(Entries taken from a collection)

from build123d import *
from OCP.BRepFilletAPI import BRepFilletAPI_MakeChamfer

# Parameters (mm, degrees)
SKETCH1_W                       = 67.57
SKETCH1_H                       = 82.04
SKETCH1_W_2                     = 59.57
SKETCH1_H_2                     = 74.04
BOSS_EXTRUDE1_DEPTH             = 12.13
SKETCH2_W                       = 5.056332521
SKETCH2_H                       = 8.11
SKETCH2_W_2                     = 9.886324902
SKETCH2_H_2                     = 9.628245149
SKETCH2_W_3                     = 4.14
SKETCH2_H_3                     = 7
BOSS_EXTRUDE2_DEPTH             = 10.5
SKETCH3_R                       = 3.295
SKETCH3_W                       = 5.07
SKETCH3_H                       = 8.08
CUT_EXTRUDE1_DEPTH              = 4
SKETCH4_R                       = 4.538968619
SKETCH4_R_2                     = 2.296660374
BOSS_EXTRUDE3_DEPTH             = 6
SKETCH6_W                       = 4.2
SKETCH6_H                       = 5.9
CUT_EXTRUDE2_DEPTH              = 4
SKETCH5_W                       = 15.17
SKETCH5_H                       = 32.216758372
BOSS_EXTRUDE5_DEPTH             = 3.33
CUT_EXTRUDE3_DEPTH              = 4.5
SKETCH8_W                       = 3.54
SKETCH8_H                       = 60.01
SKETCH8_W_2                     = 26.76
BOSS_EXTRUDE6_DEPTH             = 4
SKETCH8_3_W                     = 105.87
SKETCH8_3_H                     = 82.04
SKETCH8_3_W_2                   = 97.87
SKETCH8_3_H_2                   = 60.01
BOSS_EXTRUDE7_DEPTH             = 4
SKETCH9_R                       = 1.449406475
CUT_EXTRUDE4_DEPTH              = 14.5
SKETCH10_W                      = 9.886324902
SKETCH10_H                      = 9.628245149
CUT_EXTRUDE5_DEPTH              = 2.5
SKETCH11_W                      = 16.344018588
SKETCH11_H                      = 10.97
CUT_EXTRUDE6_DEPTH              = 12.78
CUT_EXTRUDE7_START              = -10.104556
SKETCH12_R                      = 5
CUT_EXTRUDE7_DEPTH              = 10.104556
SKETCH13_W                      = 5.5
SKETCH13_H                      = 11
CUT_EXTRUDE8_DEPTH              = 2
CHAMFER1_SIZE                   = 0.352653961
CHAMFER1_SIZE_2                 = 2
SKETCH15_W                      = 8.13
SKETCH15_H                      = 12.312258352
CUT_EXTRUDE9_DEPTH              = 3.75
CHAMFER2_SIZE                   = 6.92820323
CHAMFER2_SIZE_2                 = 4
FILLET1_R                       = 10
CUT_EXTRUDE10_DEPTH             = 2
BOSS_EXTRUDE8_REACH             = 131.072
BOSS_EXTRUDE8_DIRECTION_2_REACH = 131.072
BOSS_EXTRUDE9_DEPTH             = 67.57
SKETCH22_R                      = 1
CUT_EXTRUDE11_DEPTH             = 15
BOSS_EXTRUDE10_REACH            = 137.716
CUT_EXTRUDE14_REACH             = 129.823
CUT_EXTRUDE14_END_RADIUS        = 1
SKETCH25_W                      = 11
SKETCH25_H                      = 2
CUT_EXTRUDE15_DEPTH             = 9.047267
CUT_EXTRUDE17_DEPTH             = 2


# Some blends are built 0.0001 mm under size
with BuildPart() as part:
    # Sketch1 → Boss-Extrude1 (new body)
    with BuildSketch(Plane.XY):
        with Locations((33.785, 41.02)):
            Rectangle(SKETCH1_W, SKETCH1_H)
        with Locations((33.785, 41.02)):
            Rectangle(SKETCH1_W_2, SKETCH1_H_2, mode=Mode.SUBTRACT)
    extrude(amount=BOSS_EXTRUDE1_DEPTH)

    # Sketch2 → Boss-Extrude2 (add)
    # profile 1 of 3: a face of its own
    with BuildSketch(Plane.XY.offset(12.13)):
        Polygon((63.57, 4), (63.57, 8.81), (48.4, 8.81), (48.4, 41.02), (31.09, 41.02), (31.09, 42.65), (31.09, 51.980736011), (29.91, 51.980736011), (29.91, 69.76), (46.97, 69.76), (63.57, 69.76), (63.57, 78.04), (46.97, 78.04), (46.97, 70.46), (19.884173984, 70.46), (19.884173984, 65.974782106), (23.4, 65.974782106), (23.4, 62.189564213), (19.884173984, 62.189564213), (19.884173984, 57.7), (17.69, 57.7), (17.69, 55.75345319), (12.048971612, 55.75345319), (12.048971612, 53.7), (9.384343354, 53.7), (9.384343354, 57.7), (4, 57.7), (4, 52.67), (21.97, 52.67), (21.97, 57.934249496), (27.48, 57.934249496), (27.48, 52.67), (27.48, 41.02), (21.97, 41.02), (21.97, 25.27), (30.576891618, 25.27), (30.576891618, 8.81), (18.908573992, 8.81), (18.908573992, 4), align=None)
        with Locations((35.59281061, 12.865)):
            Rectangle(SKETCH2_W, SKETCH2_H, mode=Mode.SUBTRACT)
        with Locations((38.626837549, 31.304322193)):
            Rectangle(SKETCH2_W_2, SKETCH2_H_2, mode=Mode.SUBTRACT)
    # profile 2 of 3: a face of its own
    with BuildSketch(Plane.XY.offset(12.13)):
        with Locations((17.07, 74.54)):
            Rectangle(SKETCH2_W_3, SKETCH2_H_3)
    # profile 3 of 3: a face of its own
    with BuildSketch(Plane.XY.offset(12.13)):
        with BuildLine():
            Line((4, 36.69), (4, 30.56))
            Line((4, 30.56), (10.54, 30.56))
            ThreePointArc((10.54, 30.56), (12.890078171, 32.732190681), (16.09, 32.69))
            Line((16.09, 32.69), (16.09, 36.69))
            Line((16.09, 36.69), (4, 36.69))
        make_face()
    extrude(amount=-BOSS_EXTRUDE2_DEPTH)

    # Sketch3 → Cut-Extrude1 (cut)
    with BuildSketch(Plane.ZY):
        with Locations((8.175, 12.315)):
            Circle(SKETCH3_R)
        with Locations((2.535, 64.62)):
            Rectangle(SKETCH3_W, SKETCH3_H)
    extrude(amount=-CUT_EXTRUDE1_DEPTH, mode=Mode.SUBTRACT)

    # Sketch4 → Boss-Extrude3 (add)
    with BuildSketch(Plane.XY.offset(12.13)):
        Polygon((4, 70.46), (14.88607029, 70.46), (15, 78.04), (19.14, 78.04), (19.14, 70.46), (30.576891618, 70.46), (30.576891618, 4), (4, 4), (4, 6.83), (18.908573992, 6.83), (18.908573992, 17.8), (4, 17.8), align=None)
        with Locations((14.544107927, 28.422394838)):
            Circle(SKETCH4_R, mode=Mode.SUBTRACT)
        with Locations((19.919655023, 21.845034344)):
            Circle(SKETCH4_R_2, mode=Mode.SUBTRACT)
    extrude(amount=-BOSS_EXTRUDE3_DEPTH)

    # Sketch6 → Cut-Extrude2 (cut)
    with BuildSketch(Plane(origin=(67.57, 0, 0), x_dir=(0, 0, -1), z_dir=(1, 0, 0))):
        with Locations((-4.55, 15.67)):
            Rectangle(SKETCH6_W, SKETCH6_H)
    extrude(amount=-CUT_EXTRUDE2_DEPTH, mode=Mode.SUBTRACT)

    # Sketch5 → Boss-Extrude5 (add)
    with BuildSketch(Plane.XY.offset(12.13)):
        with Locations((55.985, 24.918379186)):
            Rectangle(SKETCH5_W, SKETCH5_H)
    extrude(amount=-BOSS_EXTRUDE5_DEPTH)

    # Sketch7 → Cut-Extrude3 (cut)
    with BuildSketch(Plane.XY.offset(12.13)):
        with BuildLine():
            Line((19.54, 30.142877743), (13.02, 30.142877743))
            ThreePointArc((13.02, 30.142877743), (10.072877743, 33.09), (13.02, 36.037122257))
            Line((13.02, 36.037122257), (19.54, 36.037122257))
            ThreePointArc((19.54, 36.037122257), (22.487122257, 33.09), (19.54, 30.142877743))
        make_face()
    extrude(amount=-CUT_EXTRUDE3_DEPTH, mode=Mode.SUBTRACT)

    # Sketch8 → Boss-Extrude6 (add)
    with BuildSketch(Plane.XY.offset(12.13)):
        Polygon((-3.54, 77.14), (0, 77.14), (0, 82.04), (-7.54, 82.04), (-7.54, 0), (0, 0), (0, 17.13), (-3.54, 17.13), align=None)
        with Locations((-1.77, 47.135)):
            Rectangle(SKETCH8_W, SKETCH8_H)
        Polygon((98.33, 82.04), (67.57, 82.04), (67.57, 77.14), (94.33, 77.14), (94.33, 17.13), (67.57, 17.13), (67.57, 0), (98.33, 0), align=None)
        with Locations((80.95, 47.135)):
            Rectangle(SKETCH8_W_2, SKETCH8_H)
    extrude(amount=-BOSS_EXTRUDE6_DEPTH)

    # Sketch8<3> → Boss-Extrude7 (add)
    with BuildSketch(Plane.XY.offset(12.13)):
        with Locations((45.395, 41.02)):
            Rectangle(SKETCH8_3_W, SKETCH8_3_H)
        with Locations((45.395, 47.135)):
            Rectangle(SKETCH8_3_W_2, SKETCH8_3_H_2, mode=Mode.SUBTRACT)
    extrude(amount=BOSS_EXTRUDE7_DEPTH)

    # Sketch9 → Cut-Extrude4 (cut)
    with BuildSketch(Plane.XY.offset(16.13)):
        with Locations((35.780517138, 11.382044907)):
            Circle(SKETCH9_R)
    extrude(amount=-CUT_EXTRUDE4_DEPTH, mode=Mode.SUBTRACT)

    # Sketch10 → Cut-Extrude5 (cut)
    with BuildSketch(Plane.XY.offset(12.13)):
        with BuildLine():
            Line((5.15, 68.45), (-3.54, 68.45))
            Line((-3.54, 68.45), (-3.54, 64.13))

**YOUR ASSIGNMENT**
For each line in the entries that holds "ThreePointArc", return that line.

**YOUR RESPONSE**
            ThreePointArc((10.54, 30.56), (12.890078171, 32.732190681), (16.09, 32.69))
            ThreePointArc((13.02, 30.142877743), (10.072877743, 33.09), (13.02, 36.037122257))
            ThreePointArc((19.54, 36.037122257), (22.487122257, 33.09), (19.54, 30.142877743))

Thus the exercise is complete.